**WHAT THE EXERCISE ASKS**
Please write out exactly the lines from the opening of the listing through the line that holds "Commit message: changed pcb specs", including both, and nothing else; no pictures.

**DATA EXTRACTS**
━━━━
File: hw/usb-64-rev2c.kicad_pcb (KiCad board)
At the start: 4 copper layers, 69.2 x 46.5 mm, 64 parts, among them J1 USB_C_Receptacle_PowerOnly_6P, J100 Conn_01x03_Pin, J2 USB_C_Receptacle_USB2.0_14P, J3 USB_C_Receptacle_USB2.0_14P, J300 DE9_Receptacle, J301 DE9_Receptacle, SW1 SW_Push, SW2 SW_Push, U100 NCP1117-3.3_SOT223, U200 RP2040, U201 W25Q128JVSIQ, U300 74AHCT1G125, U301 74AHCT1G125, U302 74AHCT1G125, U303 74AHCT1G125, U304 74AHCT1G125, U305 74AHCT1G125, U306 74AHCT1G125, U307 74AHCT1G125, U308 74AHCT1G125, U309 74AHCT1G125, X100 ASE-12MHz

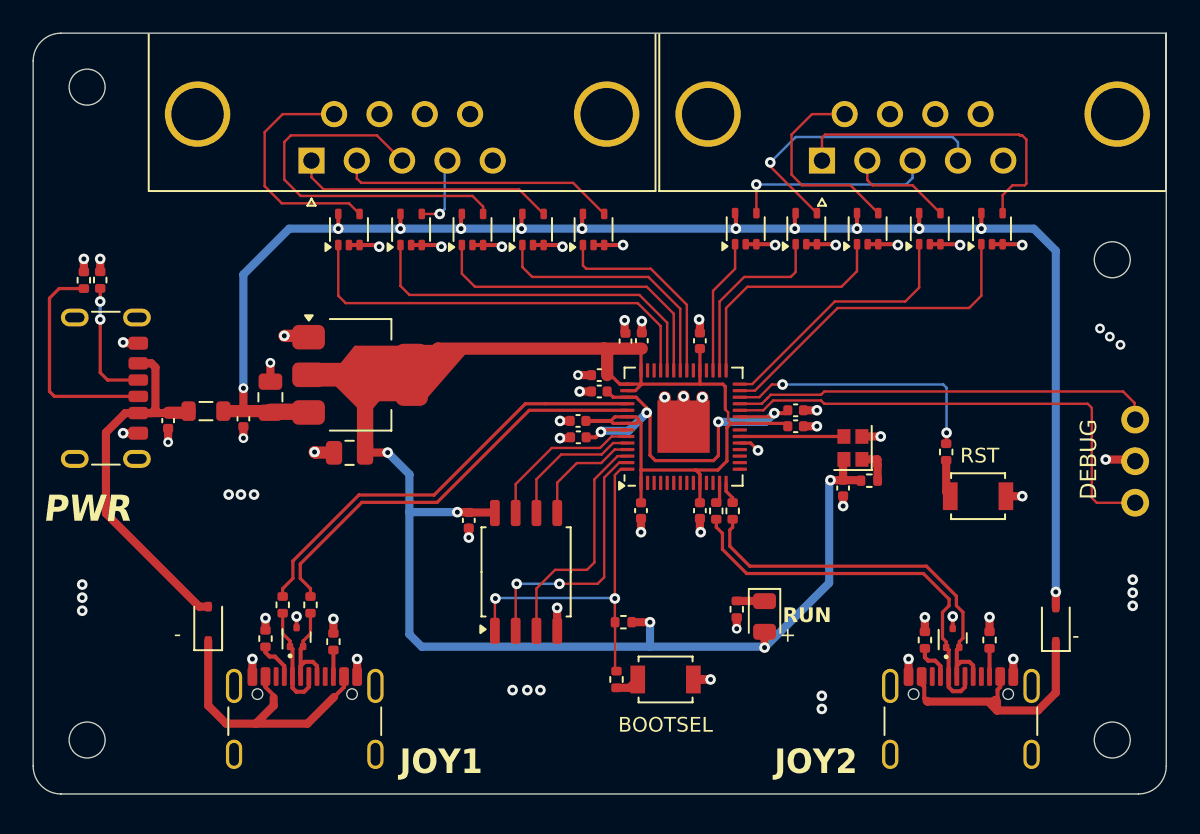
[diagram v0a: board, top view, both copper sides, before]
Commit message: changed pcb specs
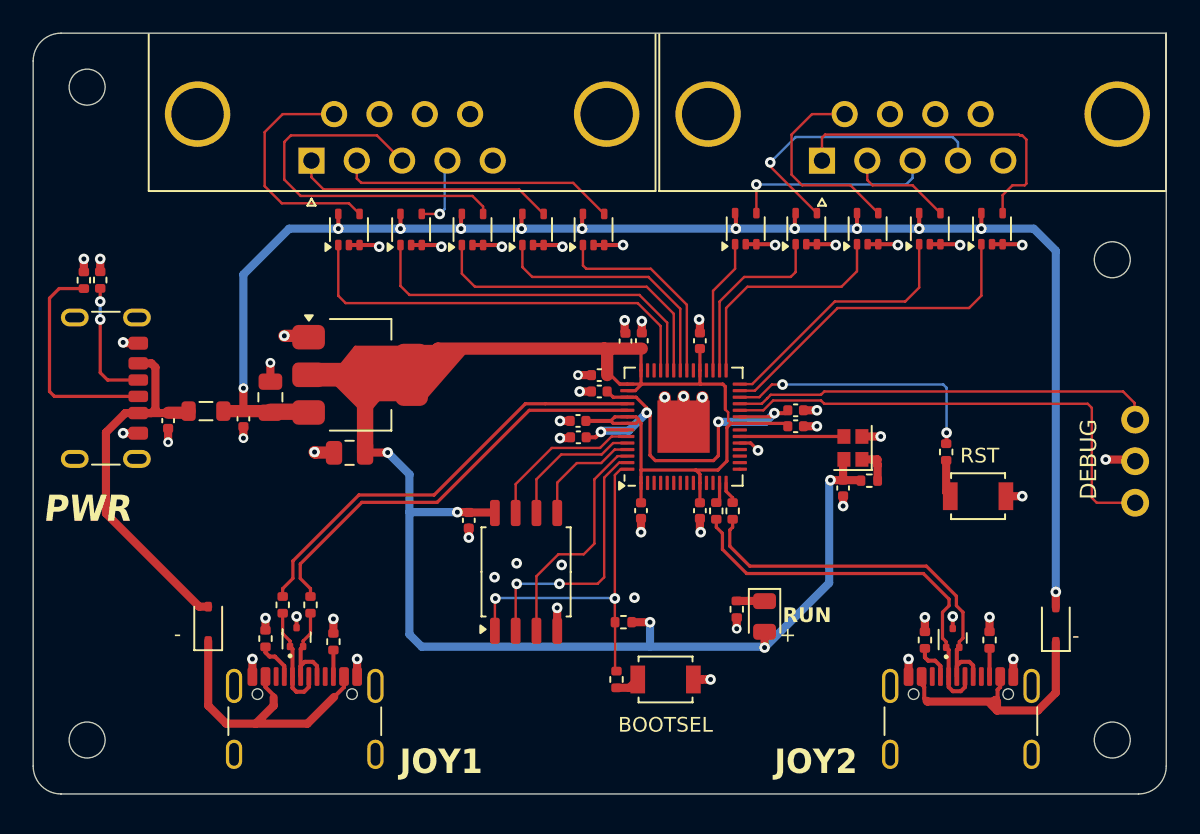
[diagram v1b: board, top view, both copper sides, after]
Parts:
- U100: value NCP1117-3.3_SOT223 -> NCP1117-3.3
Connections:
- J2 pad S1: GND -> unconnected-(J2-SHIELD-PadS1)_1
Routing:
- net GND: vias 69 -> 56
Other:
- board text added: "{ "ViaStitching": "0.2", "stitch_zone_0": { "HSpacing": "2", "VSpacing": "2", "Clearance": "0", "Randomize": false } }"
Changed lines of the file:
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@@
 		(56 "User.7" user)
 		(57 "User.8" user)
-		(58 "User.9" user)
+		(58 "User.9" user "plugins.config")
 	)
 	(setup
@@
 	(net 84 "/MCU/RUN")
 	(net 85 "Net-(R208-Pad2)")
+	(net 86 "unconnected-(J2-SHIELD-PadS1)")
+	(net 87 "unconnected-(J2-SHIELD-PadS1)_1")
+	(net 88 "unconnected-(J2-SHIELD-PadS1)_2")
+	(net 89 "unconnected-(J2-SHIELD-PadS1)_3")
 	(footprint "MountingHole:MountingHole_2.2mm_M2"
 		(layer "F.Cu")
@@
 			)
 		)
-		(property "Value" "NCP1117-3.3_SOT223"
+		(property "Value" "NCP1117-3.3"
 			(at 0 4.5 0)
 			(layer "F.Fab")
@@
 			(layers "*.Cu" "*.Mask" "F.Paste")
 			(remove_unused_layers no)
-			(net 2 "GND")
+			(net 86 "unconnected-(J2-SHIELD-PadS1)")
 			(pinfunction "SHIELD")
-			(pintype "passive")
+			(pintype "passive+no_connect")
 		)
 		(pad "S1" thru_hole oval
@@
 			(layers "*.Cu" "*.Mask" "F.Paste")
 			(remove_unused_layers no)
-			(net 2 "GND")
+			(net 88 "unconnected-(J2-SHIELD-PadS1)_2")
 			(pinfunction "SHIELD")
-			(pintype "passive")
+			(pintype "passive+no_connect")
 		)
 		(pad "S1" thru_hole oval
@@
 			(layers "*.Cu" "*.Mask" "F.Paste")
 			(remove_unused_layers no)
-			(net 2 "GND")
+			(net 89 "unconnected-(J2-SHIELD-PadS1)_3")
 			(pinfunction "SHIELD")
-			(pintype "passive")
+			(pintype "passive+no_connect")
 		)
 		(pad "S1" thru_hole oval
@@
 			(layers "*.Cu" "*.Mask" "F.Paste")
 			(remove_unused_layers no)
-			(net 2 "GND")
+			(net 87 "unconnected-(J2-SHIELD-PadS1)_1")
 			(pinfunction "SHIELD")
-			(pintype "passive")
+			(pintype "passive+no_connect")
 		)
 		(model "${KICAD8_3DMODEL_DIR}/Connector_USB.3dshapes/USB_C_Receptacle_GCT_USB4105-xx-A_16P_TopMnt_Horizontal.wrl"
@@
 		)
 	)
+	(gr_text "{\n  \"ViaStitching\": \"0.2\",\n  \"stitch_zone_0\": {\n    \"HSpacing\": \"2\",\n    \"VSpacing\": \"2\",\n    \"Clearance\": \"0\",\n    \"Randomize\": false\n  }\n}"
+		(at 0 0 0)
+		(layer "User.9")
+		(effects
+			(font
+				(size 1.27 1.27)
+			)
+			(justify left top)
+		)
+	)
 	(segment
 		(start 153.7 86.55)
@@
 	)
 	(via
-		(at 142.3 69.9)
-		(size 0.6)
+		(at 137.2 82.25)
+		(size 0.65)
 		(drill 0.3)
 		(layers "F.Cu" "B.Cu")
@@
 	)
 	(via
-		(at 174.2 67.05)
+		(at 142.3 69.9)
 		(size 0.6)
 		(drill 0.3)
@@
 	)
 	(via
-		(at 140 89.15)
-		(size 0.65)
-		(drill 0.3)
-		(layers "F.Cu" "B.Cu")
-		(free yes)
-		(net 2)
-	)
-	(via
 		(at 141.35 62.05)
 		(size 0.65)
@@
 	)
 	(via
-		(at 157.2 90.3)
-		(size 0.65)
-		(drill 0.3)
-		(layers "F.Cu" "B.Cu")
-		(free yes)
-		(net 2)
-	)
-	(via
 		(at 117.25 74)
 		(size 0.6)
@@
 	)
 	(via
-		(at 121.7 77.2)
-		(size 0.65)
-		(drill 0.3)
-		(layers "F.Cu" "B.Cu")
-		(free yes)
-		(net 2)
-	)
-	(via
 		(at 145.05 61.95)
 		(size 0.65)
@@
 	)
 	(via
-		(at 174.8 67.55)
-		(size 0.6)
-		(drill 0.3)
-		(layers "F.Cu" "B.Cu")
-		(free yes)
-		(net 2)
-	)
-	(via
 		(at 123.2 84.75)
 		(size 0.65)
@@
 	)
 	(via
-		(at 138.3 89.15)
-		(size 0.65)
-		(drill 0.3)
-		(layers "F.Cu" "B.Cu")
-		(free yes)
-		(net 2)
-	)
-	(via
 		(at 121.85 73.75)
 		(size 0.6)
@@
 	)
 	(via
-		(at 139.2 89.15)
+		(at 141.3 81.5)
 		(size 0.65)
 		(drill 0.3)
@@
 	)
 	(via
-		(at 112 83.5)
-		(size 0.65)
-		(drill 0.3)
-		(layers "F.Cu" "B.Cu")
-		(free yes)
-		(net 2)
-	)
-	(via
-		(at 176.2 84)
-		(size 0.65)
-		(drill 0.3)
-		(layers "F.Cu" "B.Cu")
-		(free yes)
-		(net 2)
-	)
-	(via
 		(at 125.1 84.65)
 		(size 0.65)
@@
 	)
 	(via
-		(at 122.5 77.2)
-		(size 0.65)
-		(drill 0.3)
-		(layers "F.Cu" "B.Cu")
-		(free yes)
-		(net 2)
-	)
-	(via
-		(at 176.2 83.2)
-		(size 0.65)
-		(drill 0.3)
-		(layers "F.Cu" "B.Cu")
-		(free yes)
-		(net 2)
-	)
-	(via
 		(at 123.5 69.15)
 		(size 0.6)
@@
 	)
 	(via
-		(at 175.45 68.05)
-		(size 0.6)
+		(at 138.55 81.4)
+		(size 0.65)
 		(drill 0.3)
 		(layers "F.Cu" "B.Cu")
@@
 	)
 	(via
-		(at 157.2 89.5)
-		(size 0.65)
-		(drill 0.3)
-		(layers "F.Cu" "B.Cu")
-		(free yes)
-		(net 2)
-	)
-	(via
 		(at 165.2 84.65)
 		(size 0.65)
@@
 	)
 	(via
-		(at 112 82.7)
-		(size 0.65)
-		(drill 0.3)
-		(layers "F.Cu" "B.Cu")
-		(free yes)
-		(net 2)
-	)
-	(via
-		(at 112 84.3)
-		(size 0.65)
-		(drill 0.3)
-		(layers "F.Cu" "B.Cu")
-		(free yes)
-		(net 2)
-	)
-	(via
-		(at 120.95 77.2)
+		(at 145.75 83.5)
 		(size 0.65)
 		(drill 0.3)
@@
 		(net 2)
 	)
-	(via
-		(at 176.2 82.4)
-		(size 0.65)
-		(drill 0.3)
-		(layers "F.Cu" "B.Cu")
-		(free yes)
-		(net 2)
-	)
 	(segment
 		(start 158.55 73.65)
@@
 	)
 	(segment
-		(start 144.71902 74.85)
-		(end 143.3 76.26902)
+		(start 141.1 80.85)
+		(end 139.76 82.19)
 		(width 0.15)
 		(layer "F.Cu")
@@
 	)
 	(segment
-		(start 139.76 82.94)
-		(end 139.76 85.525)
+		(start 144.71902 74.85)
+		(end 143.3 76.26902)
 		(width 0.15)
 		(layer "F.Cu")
━━━━
**OUTPUT FOR THIS EXERCISE**
File: hw/usb-64-rev2c.kicad_pcb (KiCad board)
At the start: 4 copper layers, 69.2 x 46.5 mm, 64 parts, among them J1 USB_C_Receptacle_PowerOnly_6P, J100 Conn_01x03_Pin, J2 USB_C_Receptacle_USB2.0_14P, J3 USB_C_Receptacle_USB2.0_14P, J300 DE9_Receptacle, J301 DE9_Receptacle, SW1 SW_Push, SW2 SW_Push, U100 NCP1117-3.3_SOT223, U200 RP2040, U201 W25Q128JVSIQ, U300 74AHCT1G125, U301 74AHCT1G125, U302 74AHCT1G125, U303 74AHCT1G125, U304 74AHCT1G125, U305 74AHCT1G125, U306 74AHCT1G125, U307 74AHCT1G125, U308 74AHCT1G125, U309 74AHCT1G125, X100 ASE-12MHz

[diagram v0a: board, top view, both copper sides, before]
Commit message: changed pcb specs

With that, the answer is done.